Someone asked me a very good question after watching my story yesterday:
what happens when you do find a friend of the opposite sex attractive/they find you attractive, but you’re married – do you think friendship is still possible in such a case? Has it been so in your experience? Or do you think it’s best to distance yourself?
Now this is a key question, and one which lies close to the heart of Friend Zone. Is it possible to tame the beast of sexual attraction? Is it possible to have a ‘platonic’ friendship?
Attraction is not one-dimensional
Have you ever had the experience where you first met someone and didn’t really think that much of them – but once you started to get to know them, they became more attractive to you? Attraction is a funny thing, and it’s complicated. And I’ve come to believe that often there’s more going on than meets the eye – and it’s easy to get things confused.
Let me try and explain. I think there are, broadly, two things going on with attraction: love and lust.
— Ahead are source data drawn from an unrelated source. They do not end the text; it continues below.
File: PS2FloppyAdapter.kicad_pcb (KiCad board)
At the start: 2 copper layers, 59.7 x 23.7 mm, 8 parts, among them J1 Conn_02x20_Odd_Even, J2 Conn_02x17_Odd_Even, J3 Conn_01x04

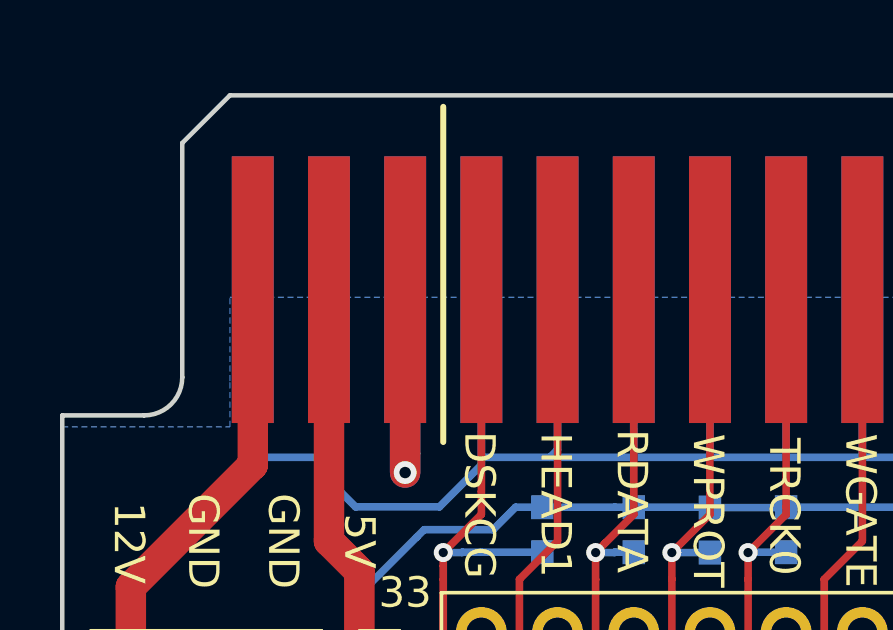
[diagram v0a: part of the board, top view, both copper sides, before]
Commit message: Add slot cutout
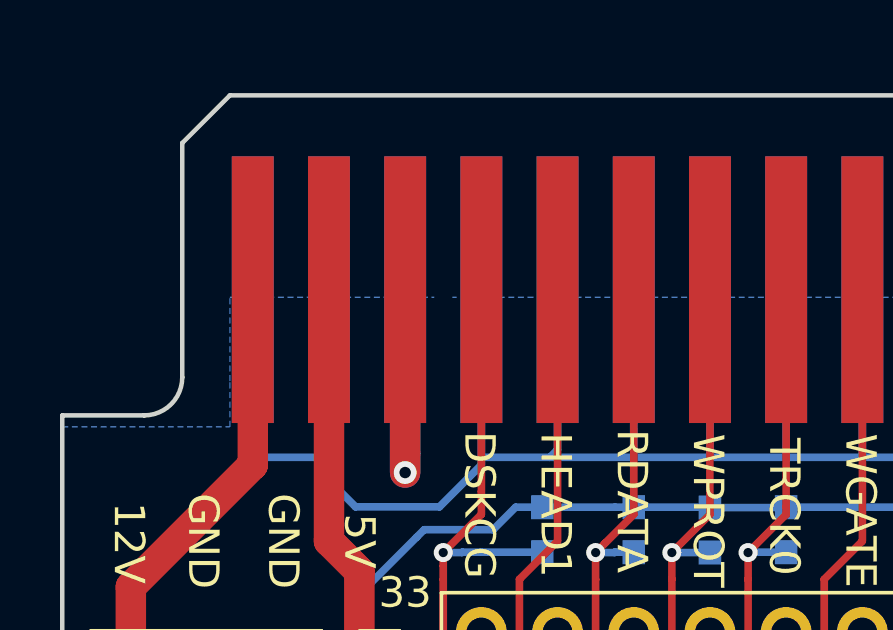
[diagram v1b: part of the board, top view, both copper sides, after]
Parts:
- added REF**: Slot_0_6mm, MountingHole:MountingHole_2.1mm, F.Cu at (138.7, 74.5)
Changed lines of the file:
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@@
-(kicad_pcb (version 20171130) (host pcbnew "(5.1.0)-1")
+(kicad_pcb (version 20171130) (host pcbnew 5.1.5-52549c5~84~ubuntu18.04.1)
   (general
     (thickness 1.6)
@@
     (tracks 171)
     (zones 0)
-    (modules 8)
+    (modules 9)
     (nets 22)
   )
@@
     (mod_text_size 1 1)
     (mod_text_width 0.15)
-    (pad_size 1.524 1.524)
-    (pad_drill 0.762)
+    (pad_size 0.6 13)
+    (pad_drill 0.6)
     (pad_to_mask_clearance 0.2)
     (aux_axis_origin 0 0)
@@
     (add_net "Net-(J1-Pad35)")
   )
+  (module MountingHole:MountingHole_2.1mm (layer F.Cu)
+    (at 138.684 74.4855)
+    (descr "Mounting Hole 2.1mm, no annular")
+    (tags "mounting hole 2.1mm no annular")
+    (attr virtual)
+    (fp_text reference REF** (at -1.524 7.7343) (layer F.SilkS) hide
+      (effects (font (size 0.1 0.1) (thickness 0.02)))
+    )
+    (fp_text value Slot_0_6mm (at 0 3.2) (layer F.Fab)
+      (effects (font (size 1 1) (thickness 0.15)))
+    )
+    (pad "" np_thru_hole roundrect (at -1.524 11.9888) (size 0.6 13) (drill oval 0.6 13) (layers *.Cu *.Mask) (roundrect_rratio 0.25))
+  )
   (module Conn:EDGE_FLOPPY40 (layer F.Cu)
     (at 154.94 87.63)
@@
   (gr_line (start 184.15 91.821) (end 184.15 103.632) (layer Edge.Cuts) (width 0.15))
   (gr_line (start 182.6895 91.821) (end 184.15 91.821) (layer Edge.Cuts) (width 0.15))
-  (gr_line (start 137.16 81.534) (end 137.16 92.71) (layer F.SilkS) (width 0.2))
+  (gr_line (start 137.16 81.534) (end 137.16 92.71) (layer F.Fab) (width 0.2))
   (gr_line (start 128.4605 90.551) (end 128.4605 82.7405) (layer Edge.Cuts) (width 0.15))
   (gr_line (start 181.4195 82.6135) (end 181.4195 90.551) (layer Edge.Cuts) (width 0.15))
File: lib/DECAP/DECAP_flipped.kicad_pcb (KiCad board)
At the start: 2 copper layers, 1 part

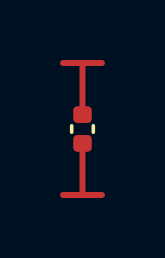
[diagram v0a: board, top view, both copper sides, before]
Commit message: All cells now use 1mm*4mm grid rather than 1.1mm*4.4mm
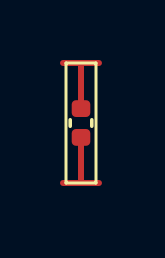
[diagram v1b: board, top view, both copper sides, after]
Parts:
- moved C 0.21 mm to (0.50, 2.00)
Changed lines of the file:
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@@
 	(footprint "Capacitor_SMD:C_0402_1005Metric"
 		(layer "F.Cu")
-		(at 0.55 2.2 -90)
+		(at 0.5 2 -90)
 		(descr "Capacitor SMD 0402 (1005 Metric), square (rectangular) end terminal, IPC-7351 nominal, (Body size source: IPC-SM-782 page 76, https://www.pcb-3d.com/wordpress/wp-content/uploads/ipc-sm-782a_amendment_1_and_2.pdf), generated with kicad-footprint-generator")
 		(tags "capacitor")
@@
 			)
 			(layer "F.SilkS")
+			(net 15)
 		)
 		(fp_line
@@
 			)
 			(layer "F.SilkS")
+			(net 15)
 		)
 		(fp_line
@@
 			)
 			(layer "F.CrtYd")
+			(net 15)
 		)
 		(fp_line
@@
 			)
 			(layer "F.CrtYd")
+			(net 15)
 		)
 		(fp_line
@@
 			)
 			(layer "F.CrtYd")
+			(net 15)
 		)
 		(fp_line
@@
 			)
 			(layer "F.CrtYd")
+			(net 15)
 		)
 		(fp_line
@@
 			)
 			(layer "F.Fab")
+			(net 15)
 		)
 		(fp_line
@@
 			)
 			(layer "F.Fab")
+			(net 15)
 		)
 		(fp_line
@@
 			)
 			(layer "F.Fab")
+			(net 15)
 		)
 		(fp_line
@@
 			)
 			(layer "F.Fab")
+			(net 15)
 		)
 		(fp_text user "${REFERENCE}"
@@
 		)
 	)
-	(gr_line
-		(start 1.1 4.4)
-		(end 0 4.4)
-		(stroke
-			(width 0.1)
-			(type default)
-		)
-		(layer "F.Fab")
-	)
-	(gr_line
+	(gr_rect
+		(start 0 0)
+		(end 1 4)
+		(stroke
+			(width 0.1)
+			(type default)
+		)
+		(fill no)
+		(layer "F.SilkS")
+	)
+	(gr_line
+		(start 0 4)
+		(end 0 0)
+		(stroke
+			(width 0.1)
+			(type default)
+		)
+		(layer "F.Fab")
+	)
+	(gr_line
+		(start 1 0)
+		(end 1 4)
+		(stroke
+			(width 0.1)
+			(type default)
+		)
+		(layer "F.Fab")
+	)
+	(gr_line
+		(start 1 4)
+		(end 0 4)
+		(stroke
+			(width 0.1)
+			(type default)
+		)
+		(layer "F.Fab")
+	)
+	(gr_line
+		(start -0.1 0)
+		(end 1 0)
+		(stroke
+			(width 0.1)
+			(type default)
+		)
+		(layer "F.Fab")
+	)
+	(segment
 		(start 1.1 0)
-		(end 1.1 4.4)
-		(stroke
-			(width 0.1)
-			(type default)
-		)
-		(layer "F.Fab")
-	)
-	(gr_line
-		(start 0 0)
-		(end 1.1 0)
-		(stroke
-			(width 0.1)
-			(type default)
-		)
-		(layer "F.Fab")
-	)
-	(gr_line
-		(start 0 4.4)
-		(end 0 0)
-		(stroke
-			(width 0.1)
-			(type default)
-		)
-		(layer "F.Fab")
-	)
-	(segment
-		(start 0.55 1.72)
-		(end 0.55 0.05)
+		(end 0.5 0)
 		(width 0.2)
 		(layer "F.Cu")
@@
 	)
 	(segment
-		(start 1.2 0)
+		(start 0.5 0)
 		(end -0.1 0)
 		(width 0.2)
@@
 	)
 	(segment
-		(start 0.55 0.05)
+		(start 0.5 1.52)
 		(end 0.5 0)
 		(width 0.2)
@@
 	)
 	(segment
-		(start 0.55 2.68)
-		(end 0.55 4.35)
+		(start 1.1 4)
+		(end 0.5 4)
 		(width 0.2)
 		(layer "F.Cu")
@@
 	)
 	(segment
-		(start 1.2 4.4)
-		(end -0.1 4.4)
+		(start 0.5 4)
+		(end -0.1 4)
 		(width 0.2)
 		(layer "F.Cu")
@@
 	)
 	(segment
-		(start 0.55 4.35)
-		(end 0.6 4.4)
-		(width 0.2)
-		(layer "F.Cu")
+		(start 0.5 2.48)
+		(end 0.5 4)
+		(width 0.2)
+		(layer "F.Cu")

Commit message: Set value of decap
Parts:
- C: value (none) -> 0.1u
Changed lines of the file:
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@@
 			)
 		)
-		(property "Value" ""
+		(property "Value" "0.1u"
 			(at 0 1.16 90)
 			(layer "F.Fab")
@@
 			)
 			(layer "F.SilkS")
-			(net 15)
 		)
 		(fp_line
@@
 			)
 			(layer "F.SilkS")
-			(net 15)
 		)
 		(fp_line
@@
 			)
 			(layer "F.CrtYd")
-			(net 15)
 		)
 		(fp_line
@@
 			)
 			(layer "F.CrtYd")
-			(net 15)
 		)
 		(fp_line
@@
 			)
 			(layer "F.CrtYd")
-			(net 15)
 		)
 		(fp_line
@@
 			)
 			(layer "F.CrtYd")
-			(net 15)
 		)
 		(fp_line
@@
 			)
 			(layer "F.Fab")
-			(net 15)
 		)
 		(fp_line
@@
 			)
 			(layer "F.Fab")
-			(net 15)
 		)
 		(fp_line
@@
 			)
 			(layer "F.Fab")
-			(net 15)
 		)
 		(fp_line
@@
 			)
 			(layer "F.Fab")
-			(net 15)
 		)
 		(fp_text user "${REFERENCE}"

Love says, “I like you, I want to spend time with you and be your friend, I desire what is good for you.” Lust, on the other hand, says “I want you only for your body and what you can do for me.”
The problem is, they usually come together and it’s easy to confuse one for the other. In my Practical Steps piece, I talk about sin being a distortion – and I think this is what’s going on here. Lust is distorted love. It recognises goodness and beauty – but it wants that beauty for itself.
So what do we do?
Anyone who’s been in a relationship for more than about five minutes will know that you can’t spend your life ignoring people you’re attracted to (or, indeed, who find you attractive). The way I think most people deal with it is by keeping them at arms length – unless they cave in to it! And I think most people would say there are only two real options: either stay away from someone / don’t get too close, or give in to it. What the Bible says, however, is that there is a third way.
With relationships, I see three options:
- Moving away from the person in fear – i.e. shutting them out / keeping them at arm’s length / making sure the friendship is superficial. This is because you are worried about what might happen.
- Moving toward the person in lust – i.e. giving in to temptation and potentially ruining everything.
- Moving toward the person in love – developing a relationship of love, not lust. This is what I believe God wants us to do – but, something we can only do in his strength!
God is the only one who can really change our hearts. God can take away lust and put love in its place. God can enable us to conquer feelings of sexual attraction and form genuine friendships.
In fact, on a personal note, I think it’s often those who I struggle most with who God most wants me to befriend. God does this so that it is clear friendship only happens because of his grace, not because of my own strength. God doesn’t want us to be independent, self-sufficient people, living without him – he wants us to live our lives in relationship with him. Sometimes he calls us to do things which we would never otherwise be able to do so that we will be forced to rely on him and deepen that most important relationship.
A note (or two) of caution
To finish with, just in case I sound overly positive, I think it’s important to sound a note of caution. We live in a world where sin exists – people do have affairs, relationships do break up, etc. That’s why I created this website!
So – firstly, it’s important to remember what Jeremiah said about our hearts:
The heart is deceitful above all things
and beyond cure.
Who can understand it?
Our hearts are deceitful and ‘beyond cure’ – from a human perspective. God gives us new hearts – this is absolutely and gloriously true – but we need to be sure that we are dealing with sin on God’s terms and in God’s ways, not ours. God’s ways are repentance (turning away from sin and to Christ), and then turning to him in faith. We must constantly be coming to God in prayer and asking him for the power to live in his ways. If we start to think we have the strength to do it without God, we will almost certainly fall. “if you think you are standing firm, be careful that you don’t fall!” (1 Corinthians 10:12)
Secondly, it’s important to remember that relationships always take two: just because you have a particular idea about what’s going on, it doesn’t mean the other person does. The other person might have a very different idea. I think it’s important to be open, and important to be up front – if it is unclear – that friendship is all you want. Misunderstanding is easy – we need wisdom to ensure that we don’t mislead anyone. This is something I’m still working on – maybe another blog post to come?…
Yes – I do believe that attraction can conquered, lust can be dealt with, and friendship can happen despite these difficulties.
I do apologise if all of this has felt a little bit cold and theoretical: this is why the stories section of the website exists, to try and flesh out this kind of thing with some real human experience. Do let us know in the comments if this kind of thing works out in your life.